RECOVERY AIDS - RANKED & RATED
CYCLING WEEKLY|August 18, 2022
Training gains take effect as we recover – a process that countless products claim to enhance. But which ones really work? Chris Sidwells analyses the evidence
Chris Sidwells
RECOVERY AIDS - RANKED & RATED

You don’t gain fitness instantly as you train but afterwards while you’re recovering.
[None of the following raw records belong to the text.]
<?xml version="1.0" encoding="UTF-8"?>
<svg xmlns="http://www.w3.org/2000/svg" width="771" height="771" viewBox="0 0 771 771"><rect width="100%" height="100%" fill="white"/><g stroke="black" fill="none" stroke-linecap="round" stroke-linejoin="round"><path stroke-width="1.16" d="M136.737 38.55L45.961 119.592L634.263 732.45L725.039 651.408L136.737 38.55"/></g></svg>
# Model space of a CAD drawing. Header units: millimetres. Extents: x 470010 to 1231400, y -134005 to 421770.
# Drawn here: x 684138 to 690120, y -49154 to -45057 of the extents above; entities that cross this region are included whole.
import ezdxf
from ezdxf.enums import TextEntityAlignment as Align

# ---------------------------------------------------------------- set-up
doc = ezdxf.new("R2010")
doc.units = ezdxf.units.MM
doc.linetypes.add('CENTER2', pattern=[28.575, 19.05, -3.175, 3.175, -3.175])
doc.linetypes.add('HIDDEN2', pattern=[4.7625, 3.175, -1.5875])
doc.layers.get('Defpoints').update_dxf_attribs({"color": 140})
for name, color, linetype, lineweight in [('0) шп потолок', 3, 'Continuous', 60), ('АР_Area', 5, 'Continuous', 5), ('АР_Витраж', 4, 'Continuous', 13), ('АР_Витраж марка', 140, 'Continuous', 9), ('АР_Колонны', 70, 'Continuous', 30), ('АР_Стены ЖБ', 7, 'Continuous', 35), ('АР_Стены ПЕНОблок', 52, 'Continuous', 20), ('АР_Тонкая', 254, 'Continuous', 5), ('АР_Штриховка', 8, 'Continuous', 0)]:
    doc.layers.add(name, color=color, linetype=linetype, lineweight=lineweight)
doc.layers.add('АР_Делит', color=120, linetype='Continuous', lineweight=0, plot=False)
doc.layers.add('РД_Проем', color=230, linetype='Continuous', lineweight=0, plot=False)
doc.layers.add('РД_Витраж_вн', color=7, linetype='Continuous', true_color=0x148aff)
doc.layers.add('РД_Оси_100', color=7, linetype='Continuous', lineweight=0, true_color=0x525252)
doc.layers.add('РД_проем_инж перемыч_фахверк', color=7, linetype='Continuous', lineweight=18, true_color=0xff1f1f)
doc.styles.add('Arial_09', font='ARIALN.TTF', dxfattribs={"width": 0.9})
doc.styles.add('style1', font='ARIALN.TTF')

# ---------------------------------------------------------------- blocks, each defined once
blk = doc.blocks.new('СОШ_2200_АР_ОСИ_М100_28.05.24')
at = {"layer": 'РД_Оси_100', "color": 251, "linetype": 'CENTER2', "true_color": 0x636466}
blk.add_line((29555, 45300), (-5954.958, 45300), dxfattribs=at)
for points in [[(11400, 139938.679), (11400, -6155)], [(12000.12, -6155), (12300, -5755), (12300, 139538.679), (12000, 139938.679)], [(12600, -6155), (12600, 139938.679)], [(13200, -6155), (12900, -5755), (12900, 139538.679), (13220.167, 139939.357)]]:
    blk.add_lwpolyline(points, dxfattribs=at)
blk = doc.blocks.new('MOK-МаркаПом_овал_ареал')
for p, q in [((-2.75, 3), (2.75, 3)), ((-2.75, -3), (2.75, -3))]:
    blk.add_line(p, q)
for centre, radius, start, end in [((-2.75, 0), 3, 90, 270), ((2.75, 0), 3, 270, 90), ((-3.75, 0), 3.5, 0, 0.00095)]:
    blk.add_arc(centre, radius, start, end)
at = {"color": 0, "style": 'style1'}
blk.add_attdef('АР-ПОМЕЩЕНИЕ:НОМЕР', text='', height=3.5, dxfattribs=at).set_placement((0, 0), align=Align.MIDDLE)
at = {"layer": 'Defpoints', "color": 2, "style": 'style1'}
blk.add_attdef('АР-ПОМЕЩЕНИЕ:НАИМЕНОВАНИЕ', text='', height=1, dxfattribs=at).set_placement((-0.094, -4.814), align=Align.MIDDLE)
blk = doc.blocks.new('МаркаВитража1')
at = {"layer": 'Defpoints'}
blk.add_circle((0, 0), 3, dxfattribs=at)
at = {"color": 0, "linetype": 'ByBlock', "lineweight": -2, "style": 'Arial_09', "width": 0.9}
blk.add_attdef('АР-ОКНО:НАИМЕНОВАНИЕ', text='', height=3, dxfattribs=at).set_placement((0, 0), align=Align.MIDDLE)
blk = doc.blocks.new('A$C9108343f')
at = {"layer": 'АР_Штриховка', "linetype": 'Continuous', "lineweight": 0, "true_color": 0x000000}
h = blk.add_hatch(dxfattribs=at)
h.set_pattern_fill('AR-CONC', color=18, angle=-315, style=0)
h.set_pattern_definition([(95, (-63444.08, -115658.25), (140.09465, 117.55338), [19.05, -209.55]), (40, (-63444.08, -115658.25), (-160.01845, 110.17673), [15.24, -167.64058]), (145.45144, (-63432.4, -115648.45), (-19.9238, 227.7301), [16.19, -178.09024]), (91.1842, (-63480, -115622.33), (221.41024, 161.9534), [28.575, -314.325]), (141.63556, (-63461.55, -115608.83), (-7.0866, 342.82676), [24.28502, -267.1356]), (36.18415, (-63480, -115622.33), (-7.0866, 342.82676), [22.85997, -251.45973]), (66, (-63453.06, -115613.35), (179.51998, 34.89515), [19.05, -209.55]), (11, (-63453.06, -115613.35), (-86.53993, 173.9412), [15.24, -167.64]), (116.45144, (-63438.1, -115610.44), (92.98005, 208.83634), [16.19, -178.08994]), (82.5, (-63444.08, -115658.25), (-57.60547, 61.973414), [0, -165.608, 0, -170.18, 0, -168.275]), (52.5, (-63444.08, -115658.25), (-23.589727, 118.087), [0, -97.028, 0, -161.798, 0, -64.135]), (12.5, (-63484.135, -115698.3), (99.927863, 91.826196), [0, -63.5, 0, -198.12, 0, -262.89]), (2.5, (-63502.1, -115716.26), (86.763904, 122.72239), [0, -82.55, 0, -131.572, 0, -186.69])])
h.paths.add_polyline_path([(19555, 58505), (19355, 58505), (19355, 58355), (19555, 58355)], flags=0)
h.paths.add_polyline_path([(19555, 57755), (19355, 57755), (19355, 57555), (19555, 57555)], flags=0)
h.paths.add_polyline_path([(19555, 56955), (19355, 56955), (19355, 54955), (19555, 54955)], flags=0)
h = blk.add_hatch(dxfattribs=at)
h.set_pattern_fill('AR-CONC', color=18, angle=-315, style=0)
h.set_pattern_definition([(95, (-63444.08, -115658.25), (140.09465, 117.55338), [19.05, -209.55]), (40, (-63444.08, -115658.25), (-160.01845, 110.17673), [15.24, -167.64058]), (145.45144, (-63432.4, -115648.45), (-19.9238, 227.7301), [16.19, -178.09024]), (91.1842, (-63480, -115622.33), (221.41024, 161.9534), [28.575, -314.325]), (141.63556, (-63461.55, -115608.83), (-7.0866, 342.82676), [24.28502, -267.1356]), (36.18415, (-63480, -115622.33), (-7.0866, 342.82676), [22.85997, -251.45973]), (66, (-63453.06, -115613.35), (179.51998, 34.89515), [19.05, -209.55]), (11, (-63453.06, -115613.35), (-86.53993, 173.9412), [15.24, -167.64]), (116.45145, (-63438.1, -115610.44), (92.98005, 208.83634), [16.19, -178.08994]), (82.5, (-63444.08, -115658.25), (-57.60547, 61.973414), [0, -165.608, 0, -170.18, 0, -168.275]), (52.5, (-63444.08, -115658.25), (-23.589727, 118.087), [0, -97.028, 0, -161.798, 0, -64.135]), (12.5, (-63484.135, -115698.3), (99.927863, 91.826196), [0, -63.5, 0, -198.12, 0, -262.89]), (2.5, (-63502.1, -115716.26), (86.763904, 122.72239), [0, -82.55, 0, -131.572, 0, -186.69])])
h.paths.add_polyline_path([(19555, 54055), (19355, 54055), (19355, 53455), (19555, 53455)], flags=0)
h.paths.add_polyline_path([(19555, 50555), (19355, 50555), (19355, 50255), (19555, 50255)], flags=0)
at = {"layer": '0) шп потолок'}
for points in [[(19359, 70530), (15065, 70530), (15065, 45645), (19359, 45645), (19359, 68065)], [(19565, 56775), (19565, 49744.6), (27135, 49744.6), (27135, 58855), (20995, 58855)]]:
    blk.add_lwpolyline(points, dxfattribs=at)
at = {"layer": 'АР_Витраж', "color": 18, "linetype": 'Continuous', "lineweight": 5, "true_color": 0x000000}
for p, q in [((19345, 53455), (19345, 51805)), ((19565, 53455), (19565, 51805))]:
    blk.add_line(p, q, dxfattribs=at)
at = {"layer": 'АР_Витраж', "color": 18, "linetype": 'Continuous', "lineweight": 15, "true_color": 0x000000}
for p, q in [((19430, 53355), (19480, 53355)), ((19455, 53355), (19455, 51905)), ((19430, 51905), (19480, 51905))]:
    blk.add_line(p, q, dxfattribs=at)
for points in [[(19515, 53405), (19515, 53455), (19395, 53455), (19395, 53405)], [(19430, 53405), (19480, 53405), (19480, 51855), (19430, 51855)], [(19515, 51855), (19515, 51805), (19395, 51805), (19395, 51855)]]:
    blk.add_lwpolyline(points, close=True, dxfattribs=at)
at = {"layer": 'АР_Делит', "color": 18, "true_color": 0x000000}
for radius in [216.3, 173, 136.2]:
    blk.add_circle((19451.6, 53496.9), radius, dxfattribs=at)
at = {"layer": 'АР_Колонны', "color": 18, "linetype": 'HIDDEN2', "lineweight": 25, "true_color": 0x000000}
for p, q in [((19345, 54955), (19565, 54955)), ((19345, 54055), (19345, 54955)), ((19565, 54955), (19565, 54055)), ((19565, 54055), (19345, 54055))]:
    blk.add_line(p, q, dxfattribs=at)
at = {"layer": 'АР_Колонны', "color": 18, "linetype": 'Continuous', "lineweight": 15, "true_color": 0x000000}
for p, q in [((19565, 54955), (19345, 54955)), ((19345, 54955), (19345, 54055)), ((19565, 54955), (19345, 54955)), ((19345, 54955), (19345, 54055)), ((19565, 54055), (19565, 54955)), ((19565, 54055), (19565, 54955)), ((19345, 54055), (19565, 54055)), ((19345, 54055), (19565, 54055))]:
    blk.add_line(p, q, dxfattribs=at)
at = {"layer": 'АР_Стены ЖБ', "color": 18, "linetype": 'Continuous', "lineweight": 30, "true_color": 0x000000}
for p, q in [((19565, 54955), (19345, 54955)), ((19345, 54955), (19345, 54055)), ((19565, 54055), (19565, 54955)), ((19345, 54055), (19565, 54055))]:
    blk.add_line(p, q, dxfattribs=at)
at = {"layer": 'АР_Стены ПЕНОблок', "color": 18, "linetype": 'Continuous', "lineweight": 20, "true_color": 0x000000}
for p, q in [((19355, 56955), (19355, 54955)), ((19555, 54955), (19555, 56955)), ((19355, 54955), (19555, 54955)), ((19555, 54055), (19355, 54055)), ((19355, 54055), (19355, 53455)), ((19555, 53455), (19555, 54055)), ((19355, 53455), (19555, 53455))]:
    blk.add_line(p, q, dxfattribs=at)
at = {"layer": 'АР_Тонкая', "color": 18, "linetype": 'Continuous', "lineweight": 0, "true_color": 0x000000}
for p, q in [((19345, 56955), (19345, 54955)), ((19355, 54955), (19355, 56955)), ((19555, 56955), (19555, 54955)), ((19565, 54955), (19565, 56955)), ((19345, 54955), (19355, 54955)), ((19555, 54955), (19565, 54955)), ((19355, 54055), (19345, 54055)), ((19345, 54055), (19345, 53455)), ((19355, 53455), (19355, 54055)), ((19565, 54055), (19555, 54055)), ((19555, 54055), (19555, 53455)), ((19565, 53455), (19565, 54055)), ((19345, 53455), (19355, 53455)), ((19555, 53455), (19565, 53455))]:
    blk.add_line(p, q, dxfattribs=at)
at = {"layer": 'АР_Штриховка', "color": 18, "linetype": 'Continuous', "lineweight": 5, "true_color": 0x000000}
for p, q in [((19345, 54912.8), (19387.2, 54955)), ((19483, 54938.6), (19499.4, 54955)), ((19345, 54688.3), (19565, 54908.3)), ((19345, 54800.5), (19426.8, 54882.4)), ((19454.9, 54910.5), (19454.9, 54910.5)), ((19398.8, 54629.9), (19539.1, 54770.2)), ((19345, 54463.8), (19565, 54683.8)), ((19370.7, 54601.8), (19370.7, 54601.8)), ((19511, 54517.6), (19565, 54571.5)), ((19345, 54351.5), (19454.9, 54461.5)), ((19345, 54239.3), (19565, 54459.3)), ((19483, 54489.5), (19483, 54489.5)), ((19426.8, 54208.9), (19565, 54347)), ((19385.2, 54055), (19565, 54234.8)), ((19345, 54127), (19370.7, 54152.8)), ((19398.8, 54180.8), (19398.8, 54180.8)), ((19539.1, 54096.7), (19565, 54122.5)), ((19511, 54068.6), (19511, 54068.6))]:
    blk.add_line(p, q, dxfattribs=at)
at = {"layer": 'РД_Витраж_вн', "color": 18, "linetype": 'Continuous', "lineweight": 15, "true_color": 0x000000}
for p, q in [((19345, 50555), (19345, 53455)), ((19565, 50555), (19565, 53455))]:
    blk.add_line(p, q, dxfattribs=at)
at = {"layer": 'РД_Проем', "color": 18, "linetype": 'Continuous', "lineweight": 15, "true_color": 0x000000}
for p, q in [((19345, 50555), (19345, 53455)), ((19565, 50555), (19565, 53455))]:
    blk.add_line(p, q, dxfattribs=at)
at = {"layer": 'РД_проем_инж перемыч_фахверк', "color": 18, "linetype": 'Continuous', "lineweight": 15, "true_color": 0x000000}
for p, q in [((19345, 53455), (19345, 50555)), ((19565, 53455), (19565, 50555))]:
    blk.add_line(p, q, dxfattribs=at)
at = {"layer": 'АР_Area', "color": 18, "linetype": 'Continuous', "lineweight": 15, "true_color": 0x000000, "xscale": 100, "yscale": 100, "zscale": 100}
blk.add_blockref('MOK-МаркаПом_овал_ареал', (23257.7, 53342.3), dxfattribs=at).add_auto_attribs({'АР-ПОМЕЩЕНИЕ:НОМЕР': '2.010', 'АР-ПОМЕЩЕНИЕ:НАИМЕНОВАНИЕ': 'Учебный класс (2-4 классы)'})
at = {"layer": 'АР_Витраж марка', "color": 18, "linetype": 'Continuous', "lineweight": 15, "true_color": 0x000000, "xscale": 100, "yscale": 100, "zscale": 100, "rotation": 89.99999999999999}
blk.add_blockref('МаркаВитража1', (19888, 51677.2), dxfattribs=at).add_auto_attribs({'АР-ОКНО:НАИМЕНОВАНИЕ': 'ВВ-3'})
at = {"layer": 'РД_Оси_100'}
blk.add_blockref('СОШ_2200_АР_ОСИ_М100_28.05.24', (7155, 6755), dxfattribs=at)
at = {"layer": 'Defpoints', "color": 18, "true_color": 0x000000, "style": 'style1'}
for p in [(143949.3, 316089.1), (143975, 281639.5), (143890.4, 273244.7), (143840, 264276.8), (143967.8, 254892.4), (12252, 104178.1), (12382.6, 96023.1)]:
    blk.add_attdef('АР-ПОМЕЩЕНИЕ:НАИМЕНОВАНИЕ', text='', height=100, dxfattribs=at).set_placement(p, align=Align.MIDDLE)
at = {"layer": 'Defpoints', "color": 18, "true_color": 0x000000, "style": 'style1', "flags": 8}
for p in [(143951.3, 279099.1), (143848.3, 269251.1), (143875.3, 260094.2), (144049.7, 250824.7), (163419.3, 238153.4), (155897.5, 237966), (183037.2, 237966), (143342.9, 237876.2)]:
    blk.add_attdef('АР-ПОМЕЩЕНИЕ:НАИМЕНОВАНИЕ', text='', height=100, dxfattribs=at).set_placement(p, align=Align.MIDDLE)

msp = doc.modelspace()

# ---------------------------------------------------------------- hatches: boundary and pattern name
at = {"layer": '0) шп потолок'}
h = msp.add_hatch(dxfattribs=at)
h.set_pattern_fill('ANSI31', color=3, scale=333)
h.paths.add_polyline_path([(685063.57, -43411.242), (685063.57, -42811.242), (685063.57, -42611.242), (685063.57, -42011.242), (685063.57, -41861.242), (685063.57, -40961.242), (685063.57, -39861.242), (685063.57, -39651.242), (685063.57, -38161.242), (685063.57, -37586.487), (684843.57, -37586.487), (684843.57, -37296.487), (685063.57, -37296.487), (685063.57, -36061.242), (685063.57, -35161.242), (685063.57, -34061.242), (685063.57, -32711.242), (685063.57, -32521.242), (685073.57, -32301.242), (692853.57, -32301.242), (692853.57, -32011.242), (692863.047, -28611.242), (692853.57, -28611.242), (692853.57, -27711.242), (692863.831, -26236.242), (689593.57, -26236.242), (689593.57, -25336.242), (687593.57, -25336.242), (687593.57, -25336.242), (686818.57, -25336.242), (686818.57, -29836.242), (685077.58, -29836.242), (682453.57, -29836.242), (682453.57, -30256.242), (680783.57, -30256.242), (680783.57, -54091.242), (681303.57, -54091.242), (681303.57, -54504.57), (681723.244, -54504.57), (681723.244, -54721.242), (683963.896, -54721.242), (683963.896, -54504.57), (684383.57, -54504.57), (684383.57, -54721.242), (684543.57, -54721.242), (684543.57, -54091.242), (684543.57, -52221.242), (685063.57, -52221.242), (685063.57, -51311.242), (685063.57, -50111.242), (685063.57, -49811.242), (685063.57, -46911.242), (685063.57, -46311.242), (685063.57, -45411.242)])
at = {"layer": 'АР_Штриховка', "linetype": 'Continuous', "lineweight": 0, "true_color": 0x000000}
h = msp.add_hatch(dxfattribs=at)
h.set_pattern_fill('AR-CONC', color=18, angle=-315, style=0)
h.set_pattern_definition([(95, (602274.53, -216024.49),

It doesn’t matter how hard you train, if you’re not recovering from your efforts Myou won’t be improving as much or as quickly as you could be. The basics of recovery are good-quality nutrition and plenty of sleep – if you’re eating well and sleeping well, you’re 90% of the way there. Even so, the sports sector is jam-packed with products purporting to boost recovery. They range from protein powers costing £1 a packet to massage machines costing thousands.

These products can be broadly divided into four categories: compression; cold therapy; neuromuscular aids; and nutrition. We’ve looked into the scientific basis on which each type of product is based, and our aim here is to assess whether they really provide recovery boosting effects.

Compression wear

The theory: Compression garments gently compress muscle tissue, which is said to improve blood flow and aid recovery by helping to clear out metabolic waste products left over from exercise.

The evidence: Although some studies indicate improved performance after wearing compression kit (measured by increased time to exhaustion in a ramp test) and improved blood lactate clearance, there is very little peer-reviewed scientific evidence proving beyond doubt that compression garments aid recovery.

Most of the studies conducted so far have found either no effect or a slight recovery boost from compression clothing. The one exception was a study that found a significant link between compression wear and reduced muscle soreness after plyometric box jumping (note, that’s an activity with little in common with cycling).